Abstract

The objective of our study was to evaluate the quality of virtual monoenergetic imaging (VMI) from dual-layer detector spectral CT and the effect of virtual monoenergetic images obtained at low energies on the detection of pulmonary embolism (PE) in patients with a suboptimally enhanced pulmonary artery on chest CT. Of 1552 consecutive chest CT examinations performed with dual-layer detector spectral CT using a routine protocol with a tube voltage of 120 kVp, 79 examinations with suboptimal enhancement of the pulmonary artery (i.e., mean attenuation of pulmonary artery ≤ 180 HU) were included.

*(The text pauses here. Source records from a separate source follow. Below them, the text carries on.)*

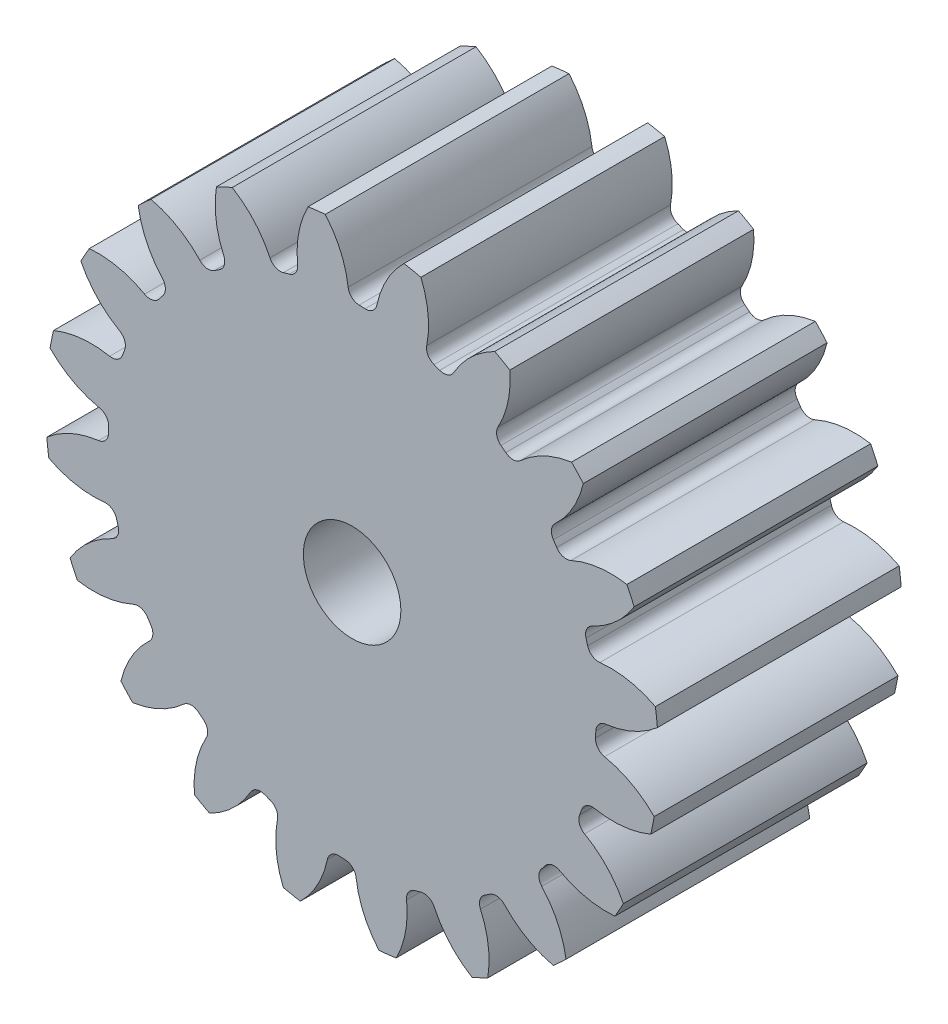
ISO-10303-21;
HEADER;
FILE_DESCRIPTION(('STEP AP214'),'2;1');
FILE_NAME('part.step','',(''),(''),'','','');
FILE_SCHEMA(('AUTOMOTIVE_DESIGN { 1 0 10303 214 1 1 1 1 }'));
ENDSEC;
DATA;
#1=APPLICATION_CONTEXT('core data for automotive mechanical design processes');
#2=APPLICATION_PROTOCOL_DEFINITION('international standard','automotive_design',2000,#1);
#3=PRODUCT_CONTEXT('',#1,'mechanical');
#4=PRODUCT('Part','Part','',(#3));
#5=PRODUCT_RELATED_PRODUCT_CATEGORY('part','',(#4));
#6=PRODUCT_DEFINITION_FORMATION('','',#4);
#7=PRODUCT_DEFINITION_CONTEXT('part definition',#1,'design');
#8=PRODUCT_DEFINITION('design','',#6,#7);
#9=PRODUCT_DEFINITION_SHAPE('','',#8);
#10=(LENGTH_UNIT() NAMED_UNIT(*) SI_UNIT(.MILLI.,.METRE.));
#11=(NAMED_UNIT(*) PLANE_ANGLE_UNIT() SI_UNIT($,.RADIAN.));
#12=(NAMED_UNIT(*) SI_UNIT($,.STERADIAN.) SOLID_ANGLE_UNIT());
#13=UNCERTAINTY_MEASURE_WITH_UNIT(LENGTH_MEASURE(1.E-05),#10,'distance_accuracy_value','');
#14=(GEOMETRIC_REPRESENTATION_CONTEXT(3) GLOBAL_UNCERTAINTY_ASSIGNED_CONTEXT((#13)) GLOBAL_UNIT_ASSIGNED_CONTEXT((#10,
#11,#12)) REPRESENTATION_CONTEXT('',''));
#15=CARTESIAN_POINT('',(0.,0.,0.));
#16=DIRECTION('',(0.,0.,1.));
#17=DIRECTION('',(1.,0.,0.));
#18=AXIS2_PLACEMENT_3D('',#15,#16,#17);
#19=CARTESIAN_POINT('',(0.,0.,88.9));
#20=DIRECTION('',(0.,0.,-1.));
#21=DIRECTION('',(-1.,0.,0.));
#22=AXIS2_PLACEMENT_3D('',#19,#20,#21);
#23=CYLINDRICAL_SURFACE('',#22,111.76);
#24=DIRECTION('',(0.,0.,-1.));
#25=VECTOR('',#24,1.);
#26=CARTESIAN_POINT('',(110.598793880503,16.0687395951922,44.45));
#27=LINE('',#26,#25);
#28=CARTESIAN_POINT('',(110.598793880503,16.0687395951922,88.9));
#29=VERTEX_POINT('',#28);
#30=CARTESIAN_POINT('',(110.598793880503,16.0687395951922,0.));
#31=VERTEX_POINT('',#30);
#32=EDGE_CURVE('E815',#29,#31,#27,.T.);
#33=ORIENTED_EDGE('',*,*,#32,.F.);
#34=CARTESIAN_POINT('',(0.,0.,88.9));
#35=DIRECTION('',(0.,0.,1.));
#36=DIRECTION('',(1.,0.,0.));
#37=AXIS2_PLACEMENT_3D('',#34,#35,#36);
#38=CIRCLE('',#37,111.76);
#39=CARTESIAN_POINT('',(111.330164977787,9.7924443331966,88.9));
#40=VERTEX_POINT('',#39);
#41=EDGE_CURVE('E1536',#40,#29,#38,.T.);
#42=ORIENTED_EDGE('',*,*,#41,.F.);
#43=DIRECTION('',(0.,0.,-1.));
#44=VECTOR('',#43,1.);
#45=CARTESIAN_POINT('',(111.330164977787,9.7924443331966,44.45));
#46=LINE('',#45,#44);
#47=CARTESIAN_POINT('',(111.330164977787,9.7924443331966,0.));
#48=VERTEX_POINT('',#47);
#49=EDGE_CURVE('E1530',#48,#40,#46,.F.);
#50=ORIENTED_EDGE('',*,*,#49,.F.);
#51=CARTESIAN_POINT('',(0.,0.,0.));
#52=DIRECTION('',(0.,0.,1.));
#53=DIRECTION('',(1.,0.,0.));
#54=AXIS2_PLACEMENT_3D('',#51,#52,#53);
#55=CIRCLE('',#54,111.76);
#56=EDGE_CURVE('E1541',#48,#31,#55,.T.);
#57=ORIENTED_EDGE('',*,*,#56,.T.);
#58=EDGE_LOOP('',(#33,#42,#50,#57));
#59=FACE_BOUND('',#58,.T.);
#60=ADVANCED_FACE('F32',(#59),#23,.T.);
#61=DIRECTION('',(0.,0.,-1.));
#62=VECTOR('',#61,1.);
#63=CARTESIAN_POINT('',(102.855247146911,43.7160809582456,44.45));
#64=LINE('',#63,#62);
#65=CARTESIAN_POINT('',(102.855247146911,43.7160809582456,0.));
#66=VERTEX_POINT('',#65);
#67=CARTESIAN_POINT('',(102.855247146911,43.7160809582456,88.9));
#68=VERTEX_POINT('',#67);
#69=EDGE_CURVE('E786',#66,#68,#64,.F.);
#70=ORIENTED_EDGE('',*,*,#69,.F.);
#71=CARTESIAN_POINT('',(100.220190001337,49.4591863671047,0.));
#72=VERTEX_POINT('',#71);
#73=EDGE_CURVE('E1544',#66,#72,#55,.T.);
#74=ORIENTED_EDGE('',*,*,#73,.T.);
#75=DIRECTION('',(0.,0.,-1.));
#76=VECTOR('',#75,1.);
#77=CARTESIAN_POINT('',(100.220190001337,49.4591863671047,44.45));
#78=LINE('',#77,#76);
#79=CARTESIAN_POINT('',(100.220190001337,49.4591863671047,88.9));
#80=VERTEX_POINT('',#79);
#81=EDGE_CURVE('E848',#80,#72,#78,.T.);
#82=ORIENTED_EDGE('',*,*,#81,.F.);
#83=EDGE_CURVE('E1539',#68,#80,#38,.T.);
#84=ORIENTED_EDGE('',*,*,#83,.F.);
#85=EDGE_LOOP('',(#70,#74,#82,#84));
#86=FACE_BOUND('',#85,.T.);
#87=ADVANCED_FACE('F1770',(#86),#23,.T.);
#88=CARTESIAN_POINT('',(0.,0.,88.9));
#89=DIRECTION('',(0.,0.,1.));
#90=DIRECTION('',(1.,0.,0.));
#91=AXIS2_PLACEMENT_3D('',#88,#89,#90);
#92=PLANE('',#91);
#93=CARTESIAN_POINT('',(0.,0.,88.9000000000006));
#94=DIRECTION('',(0.,0.,1.));
#95=DIRECTION('',(1.,0.,0.));
#96=AXIS2_PLACEMENT_3D('',#93,#94,#95);
#97=CIRCLE('',#96,17.78);
#98=CARTESIAN_POINT('',(17.78,0.,88.9000000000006));
#99=VERTEX_POINT('',#98);
#100=EDGE_CURVE('E803',#99,#99,#97,.T.);
#101=ORIENTED_EDGE('',*,*,#100,.F.);
#102=EDGE_LOOP('',(#101));
#103=FACE_BOUND('',#102,.T.);
#104=ORIENTED_EDGE('',*,*,#41,.T.);
#105=CARTESIAN_POINT('',(94.2428479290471,-15.2753225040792,88.9));
#106=DIRECTION('',(0.,0.,-1.));
#107=DIRECTION('',(0.951056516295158,0.309016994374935,0.));
#108=AXIS2_PLACEMENT_3D('',#105,#106,#107);
#109=CIRCLE('',#108,35.3548751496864);
#110=CARTESIAN_POINT('',(90.3485420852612,19.864421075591,88.9));
#111=VERTEX_POINT('',#110);
#112=EDGE_CURVE('E795',#111,#29,#109,.T.);
#113=ORIENTED_EDGE('',*,*,#112,.F.);
#114=CARTESIAN_POINT('',(89.8930625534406,23.9743792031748,88.9));
#115=DIRECTION('',(0.,0.,1.));
#116=DIRECTION('',(-0.951056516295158,-0.309016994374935,0.));
#117=AXIS2_PLACEMENT_3D('',#114,#115,#116);
#118=CIRCLE('',#117,4.13512000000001);
#119=CARTESIAN_POINT('',(85.8975971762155,22.9087930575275,88.9));
#120=VERTEX_POINT('',#119);
#121=EDGE_CURVE('E793',#120,#111,#118,.T.);
#122=ORIENTED_EDGE('',*,*,#121,.F.);
#123=CARTESIAN_POINT('',(0.,0.,88.9));
#124=DIRECTION('',(0.,0.,-1.));
#125=DIRECTION('',(0.951056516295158,0.309016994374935,0.));
#126=AXIS2_PLACEMENT_3D('',#123,#124,#125);
#127=CIRCLE('',#126,88.9);
#128=CARTESIAN_POINT('',(85.3004456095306,25.0408462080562,88.9));
#129=VERTEX_POINT('',#128);
#130=EDGE_CURVE('E778',#129,#120,#127,.T.);
#131=ORIENTED_EDGE('',*,*,#130,.F.);
#132=CARTESIAN_POINT('',(89.2681349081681,26.2056032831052,88.9));
#133=DIRECTION('',(0.,0.,1.));
#134=DIRECTION('',(-0.951056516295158,-0.309016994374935,0.));
#135=AXIS2_PLACEMENT_3D('',#132,#133,#134);
#136=CIRCLE('',#135,4.13512);
#137=CARTESIAN_POINT('',(87.5225600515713,29.9542278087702,88.9));
#138=VERTEX_POINT('',#137);
#139=EDGE_CURVE('E770',#138,#129,#136,.T.);
#140=ORIENTED_EDGE('',*,*,#139,.F.);
#141=CARTESIAN_POINT('',(72.598064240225,62.004604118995,88.9));
#142=DIRECTION('',(0.,0.,-1.));
#143=DIRECTION('',(-0.951056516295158,-0.309016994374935,0.));
#144=AXIS2_PLACEMENT_3D('',#141,#142,#143);
#145=CIRCLE('',#144,35.3548751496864);
#146=EDGE_CURVE('E800',#68,#138,#145,.T.);
#147=ORIENTED_EDGE('',*,*,#146,.F.);
#148=ORIENTED_EDGE('',*,*,#83,.T.);
#149=CARTESIAN_POINT('',(94.350608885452,14.5949466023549,88.9));
#150=DIRECTION('',(0.,0.,-1.));
#151=DIRECTION('',(0.809016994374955,0.587785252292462,0.));
#152=AXIS2_PLACEMENT_3D('',#149,#150,#151);
#153=CIRCLE('',#152,35.3548751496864);
#154=CARTESIAN_POINT('',(79.7881259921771,46.8114220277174,88.9));
#155=VERTEX_POINT('',#154);
#156=EDGE_CURVE('E824',#155,#80,#153,.T.);
#157=ORIENTED_EDGE('',*,*,#156,.F.);
#158=CARTESIAN_POINT('',(78.0848923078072,50.5794735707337,88.9));
#159=DIRECTION('',(0.,0.,1.));
#160=DIRECTION('',(-0.809016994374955,-0.587785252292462,0.));
#161=AXIS2_PLACEMENT_3D('',#158,#159,#160);
#162=CIRCLE('',#161,4.13512000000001);
#163=CARTESIAN_POINT('',(74.6142631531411,48.3313742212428,88.9));
#164=VERTEX_POINT('',#163);
#165=EDGE_CURVE('E822',#164,#155,#162,.T.);
#166=ORIENTED_EDGE('',*,*,#165,.F.);
#167=CARTESIAN_POINT('',(0.,0.,88.9));
#168=DIRECTION('',(0.,0.,-1.));
#169=DIRECTION('',(0.809016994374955,0.587785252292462,0.));
#170=AXIS2_PLACEMENT_3D('',#167,#168,#169);
#171=CIRCLE('',#170,88.9);
#172=CARTESIAN_POINT('',(73.3874976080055,50.1745472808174,88.9));
#173=VERTEX_POINT('',#172);
#174=EDGE_CURVE('E819',#173,#164,#171,.T.);
#175=ORIENTED_EDGE('',*,*,#174,.F.);
#176=CARTESIAN_POINT('',(76.8010646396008,52.5083805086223,88.9));
#177=DIRECTION('',(0.,0.,1.));
#178=DIRECTION('',(-0.809016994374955,-0.587785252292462,0.));
#179=AXIS2_PLACEMENT_3D('',#176,#177,#178);
#180=CIRCLE('',#179,4.13512);
#181=CARTESIAN_POINT('',(73.9825356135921,55.5341219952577,88.9));
#182=VERTEX_POINT('',#181);
#183=EDGE_CURVE('E817',#182,#173,#180,.T.);
#184=ORIENTED_EDGE('',*,*,#183,.F.);
#185=CARTESIAN_POINT('',(49.8843856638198,81.4039183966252,88.9));
#186=DIRECTION('',(0.,0.,-1.));
#187=DIRECTION('',(-0.809016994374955,-0.587785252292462,0.));
#188=AXIS2_PLACEMENT_3D('',#185,#186,#187);
#189=CIRCLE('',#188,35.3548751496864);
#190=CARTESIAN_POINT('',(84.3121410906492,73.3604829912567,88.9));
#191=VERTEX_POINT('',#190);
#192=EDGE_CURVE('E827',#191,#182,#189,.T.);
#193=ORIENTED_EDGE('',*,*,#192,.F.);
#194=CARTESIAN_POINT('',(80.0313356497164,78.0082233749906,88.9));
#195=VERTEX_POINT('',#194);
#196=EDGE_CURVE('E1592',#191,#195,#38,.T.);
#197=ORIENTED_EDGE('',*,*,#196,.T.);
#198=CARTESIAN_POINT('',(85.2226748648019,43.0365606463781,88.9));
#199=DIRECTION('',(0.,0.,-1.));
#200=DIRECTION('',(0.587785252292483,0.80901699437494,0.));
#201=AXIS2_PLACEMENT_3D('',#198,#199,#200);
#202=CIRCLE('',#201,35.3548751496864);
#203=CARTESIAN_POINT('',(61.4174922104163,69.1761948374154,88.9));
#204=VERTEX_POINT('',#203);
#205=EDGE_CURVE('E859',#204,#195,#202,.T.);
#206=ORIENTED_EDGE('',*,*,#205,.F.);
#207=CARTESIAN_POINT('',(58.6332287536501,72.2334966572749,88.9));
#208=DIRECTION('',(0.,0.,1.));
#209=DIRECTION('',(-0.587785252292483,-0.80901699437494,0.));
#210=AXIS2_PLACEMENT_3D('',#207,#208,#209);
#211=CIRCLE('',#210,4.13512000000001);
#212=CARTESIAN_POINT('',(56.0271651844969,69.0229437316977,88.9));
#213=VERTEX_POINT('',#212);
#214=EDGE_CURVE('E857',#213,#204,#211,.T.);
#215=ORIENTED_EDGE('',*,*,#214,.F.);
#216=CARTESIAN_POINT('',(0.,0.,88.9));
#217=DIRECTION('',(0.,0.,-1.));
#218=DIRECTION('',(0.587785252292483,0.80901699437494,0.));
#219=AXIS2_PLACEMENT_3D('',#216,#217,#218);
#220=CIRCLE('',#219,88.9);
#221=CARTESIAN_POINT('',(54.2908700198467,70.3968140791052,88.9));
#222=VERTEX_POINT('',#221);
#223=EDGE_CURVE('E854',#222,#213,#220,.T.);
#224=ORIENTED_EDGE('',*,*,#223,.F.);
#225=CARTESIAN_POINT('',(56.816171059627,73.6712716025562,88.9));
#226=DIRECTION('',(0.,0.,1.));
#227=DIRECTION('',(-0.587785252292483,-0.80901699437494,0.));
#228=AXIS2_PLACEMENT_3D('',#225,#226,#227);
#229=CIRCLE('',#228,4.13512);
#230=CARTESIAN_POINT('',(53.2005851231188,75.6779493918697,88.9));
#231=VERTEX_POINT('',#230);
#232=EDGE_CURVE('E852',#231,#222,#229,.T.);
#233=ORIENTED_EDGE('',*,*,#232,.F.);
#234=CARTESIAN_POINT('',(22.2876758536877,92.8348499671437,88.9));
#235=DIRECTION('',(0.,0.,-1.));
#236=DIRECTION('',(-0.587785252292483,-0.80901699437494,0.));
#237=AXIS2_PLACEMENT_3D('',#234,#235,#236);
#238=CIRCLE('',#237,35.3548751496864);
#239=CARTESIAN_POINT('',(57.5159752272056,95.8238498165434,88.9));
#240=VERTEX_POINT('',#239);
#241=EDGE_CURVE('E862',#240,#231,#238,.T.);
#242=ORIENTED_EDGE('',*,*,#241,.F.);
#243=CARTESIAN_POINT('',(52.0084565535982,98.9212719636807,88.9));
#244=VERTEX_POINT('',#243);
#245=EDGE_CURVE('E1752',#240,#244,#38,.T.);
#246=ORIENTED_EDGE('',*,*,#245,.T.);
#247=CARTESIAN_POINT('',(67.7525516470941,67.265456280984,88.9));
#248=DIRECTION('',(0.,0.,-1.));
#249=DIRECTION('',(0.309016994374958,0.95105651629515,0.));
#250=AXIS2_PLACEMENT_3D('',#247,#248,#249);
#251=CIRCLE('',#250,35.3548751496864);
#252=CARTESIAN_POINT('',(37.0348863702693,84.7695197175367,88.9));
#253=VERTEX_POINT('',#252);
#254=EDGE_CURVE('E897',#253,#244,#251,.T.);
#255=ORIENTED_EDGE('',*,*,#254,.F.);
#256=CARTESIAN_POINT('',(33.4421362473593,86.8168018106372,88.9));
#257=DIRECTION('',(0.,0.,1.));
#258=DIRECTION('',(-0.309016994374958,-0.95105651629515,0.));
#259=AXIS2_PLACEMENT_3D('',#256,#257,#258);
#260=CIRCLE('',#259,4.13512000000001);
#261=CARTESIAN_POINT('',(31.9557379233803,82.9580665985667,88.9));
#262=VERTEX_POINT('',#261);
#263=EDGE_CURVE('E895',#262,#253,#260,.T.);
#264=ORIENTED_EDGE('',*,*,#263,.F.);
#265=CARTESIAN_POINT('',(0.,0.,88.9));
#266=DIRECTION('',(0.,0.,-1.));
#267=DIRECTION('',(0.309016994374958,0.95105651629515,0.));
#268=AXIS2_PLACEMENT_3D('',#265,#266,#267);
#269=CIRCLE('',#268,88.9);
#270=CARTESIAN_POINT('',(29.8798738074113,83.7281502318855,88.9));
#271=VERTEX_POINT('',#270);
#272=EDGE_CURVE('E892',#271,#262,#269,.T.);
#273=ORIENTED_EDGE('',*,*,#272,.F.);
#274=CARTESIAN_POINT('',(31.269714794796,87.6227053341,88.9));
#275=DIRECTION('',(0.,0.,1.));
#276=DIRECTION('',(-0.309016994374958,-0.95105651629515,0.));
#277=AXIS2_PLACEMENT_3D('',#274,#275,#276);
#278=CIRCLE('',#277,4.13512);
#279=CARTESIAN_POINT('',(27.2109906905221,88.4138918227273,88.9));
#280=VERTEX_POINT('',#279);
#281=EDGE_CURVE('E890',#280,#271,#278,.T.);
#282=ORIENTED_EDGE('',*,*,#281,.F.);
#283=CARTESIAN_POINT('',(-7.49070695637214,95.1784596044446,88.9));
#284=DIRECTION('',(0.,0.,-1.));
#285=DIRECTION('',(-0.309016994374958,-0.95105651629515,0.));
#286=AXIS2_PLACEMENT_3D('',#283,#284,#285);
#287=CIRCLE('',#286,35.3548751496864);
#288=CARTESIAN_POINT('',(25.0897449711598,108.907310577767,88.9));
#289=VERTEX_POINT('',#288);
#290=EDGE_CURVE('E900',#289,#280,#287,.T.);
#291=ORIENTED_EDGE('',*,*,#290,.F.);
#292=CARTESIAN_POINT('',(18.8946273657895,110.151217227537,88.9));
#293=VERTEX_POINT('',#292);
#294=EDGE_CURVE('E1748',#289,#293,#38,.T.);
#295=ORIENTED_EDGE('',*,*,#294,.T.);
#296=CARTESIAN_POINT('',(43.6503366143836,84.9099403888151,88.9));
#297=DIRECTION('',(0.,0.,-1.));
#298=DIRECTION('',(0.,1.,0.));
#299=AXIS2_PLACEMENT_3D('',#296,#297,#298);
#300=CIRCLE('',#299,35.3548751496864);
#301=CARTESIAN_POINT('',(9.02704781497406,92.0650133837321,88.9));
#302=VERTEX_POINT('',#301);
#303=EDGE_CURVE('E935',#302,#293,#300,.T.);
#304=ORIENTED_EDGE('',*,*,#303,.F.);
#305=CARTESIAN_POINT('',(4.9774944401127,92.9018735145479,88.9));
#306=DIRECTION('',(0.,0.,1.));
#307=DIRECTION('',(0.,-1.,0.));
#308=AXIS2_PLACEMENT_3D('',#305,#306,#307);
#309=CIRCLE('',#308,4.13512000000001);
#310=CARTESIAN_POINT('',(4.75626038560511,88.7726759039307,88.9));
#311=VERTEX_POINT('',#310);
#312=EDGE_CURVE('E933',#311,#302,#309,.T.);
#313=ORIENTED_EDGE('',*,*,#312,.F.);
#314=CARTESIAN_POINT('',(0.,0.,88.9));
#315=DIRECTION('',(0.,0.,-1.));
#316=DIRECTION('',(0.,1.,0.));
#317=AXIS2_PLACEMENT_3D('',#314,#315,#316);
#318=CIRCLE('',#317,88.9);
#319=CARTESIAN_POINT('',(2.54402736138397,88.8635916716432,88.9));
#320=VERTEX_POINT('',#319);
#321=EDGE_CURVE('E930',#320,#311,#318,.T.);
#322=ORIENTED_EDGE('',*,*,#321,.F.);
#323=CARTESIAN_POINT('',(2.66236097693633,92.9970181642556,88.9));
#324=DIRECTION('',(0.,0.,1.));
#325=DIRECTION('',(0.,-1.,0.));
#326=AXIS2_PLACEMENT_3D('',#323,#324,#325);
#327=CIRCLE('',#326,4.13512);
#328=CARTESIAN_POINT('',(-1.44220510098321,92.4952665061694,88.9));
#329=VERTEX_POINT('',#328);
#330=EDGE_CURVE('E928',#329,#320,#327,.T.);
#331=ORIENTED_EDGE('',*,*,#330,.F.);
#332=CARTESIAN_POINT('',(-36.535847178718,88.2053384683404,88.9));
#333=DIRECTION('',(0.,0.,-1.));
#334=DIRECTION('',(0.,-1.,0.));
#335=AXIS2_PLACEMENT_3D('',#332,#333,#334);
#336=CIRCLE('',#335,35.3548751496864);
#337=CARTESIAN_POINT('',(-9.79244433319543,111.330164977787,88.9));
#338=VERTEX_POINT('',#337);
#339=EDGE_CURVE('E938',#338,#329,#336,.T.);
#340=ORIENTED_EDGE('',*,*,#339,.F.);
#341=CARTESIAN_POINT('',(-16.0687395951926,110.598793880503,88.9));
#342=VERTEX_POINT('',#341);
#343=EDGE_CURVE('E1744',#338,#342,#38,.T.);
#344=ORIENTED_EDGE('',*,*,#343,.T.);
#345=CARTESIAN_POINT('',(15.2753225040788,94.2428479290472,88.9));
#346=DIRECTION('',(0.,0.,-1.));
#347=DIRECTION('',(-0.309016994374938,0.951056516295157,0.));
#348=AXIS2_PLACEMENT_3D('',#345,#346,#347);
#349=CIRCLE('',#348,35.3548751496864);
#350=CARTESIAN_POINT('',(-19.8644210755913,90.3485420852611,88.9));
#351=VERTEX_POINT('',#350);
#352=EDGE_CURVE('E973',#351,#342,#349,.T.);
#353=ORIENTED_EDGE('',*,*,#352,.F.);
#354=CARTESIAN_POINT('',(-23.9743792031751,89.8930625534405,88.9));
#355=DIRECTION('',(0.,0.,1.));
#356=DIRECTION('',(0.309016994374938,-0.951056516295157,0.));
#357=AXIS2_PLACEMENT_3D('',#354,#355,#356);
#358=CIRCLE('',#357,4.13512000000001);
#359=CARTESIAN_POINT('',(-22.9087930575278,85.8975971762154,88.9));
#360=VERTEX_POINT('',#359);
#361=EDGE_CURVE('E971',#360,#351,#358,.T.);
#362=ORIENTED_EDGE('',*,*,#361,.F.);
#363=CARTESIAN_POINT('',(0.,0.,88.9));
#364=DIRECTION('',(0.,0.,-1.));
#365=DIRECTION('',(-0.309016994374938,0.951056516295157,0.));
#366=AXIS2_PLACEMENT_3D('',#363,#364,#365);
#367=CIRCLE('',#366,88.9);
#368=CARTESIAN_POINT('',(-25.0408462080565,85.3004456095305,88.9));
#369=VERTEX_POINT('',#368);
#370=EDGE_CURVE('E968',#369,#360,#367,.T.);
#371=ORIENTED_EDGE('',*,*,#370,.F.);
#372=CARTESIAN_POINT('',(-26.2056032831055,89.2681349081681,88.9));
#373=DIRECTION('',(0.,0.,1.));
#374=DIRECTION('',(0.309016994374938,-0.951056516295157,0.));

The mean attenuation of the pulmonary artery, noise, contrast-to-noise ratio (CNR), and signal-to-noise ratio (SNR) of virtual monoenergetic images obtained at 40-200 keV were compared with those of the conventional 120-kVp images. The virtual monoenergetic images with the best CNR were compared with the 120-kVp images with regard to subjective image quality and diagnostic accuracy for detecting PE. Sufficient attenuation of the pulmonary artery (> 180 HU) was obtained using VMI for 78 of the 79 examinations. The noise levels of the virtual monoenergetic images were gradually increased with decreasing energy level (i.e., kiloelectron volt setting). The CNR and SNR of virtual monoenergetic images at 40-65 keV were significantly higher (both, p < 0.001) than the CNR and SNR of the 120-kVp images. The CNR was the highest at 40 keV for all cases. Diagnostic accuracy for detecting PE was significantly higher for 40-keV images (reader 1: AUC = 0.992, p = 0.033; reader 2: AUC = 0.986, p = 0.043) than for 120-kVp images (reader 1, AUC = 0.911; reader 2, AUC = 0.933). The subjective quality was not different between these two images. In chest CT examinations in which the pulmonary artery is suboptimally enhanced, obtaining virtual monoenergetic images at a low energy setting using dual-layer detector spectral CT allows sufficient attenuation of the pulmonary artery to be achieved while preserving image quality and increasing diagnostic performance for detecting PE.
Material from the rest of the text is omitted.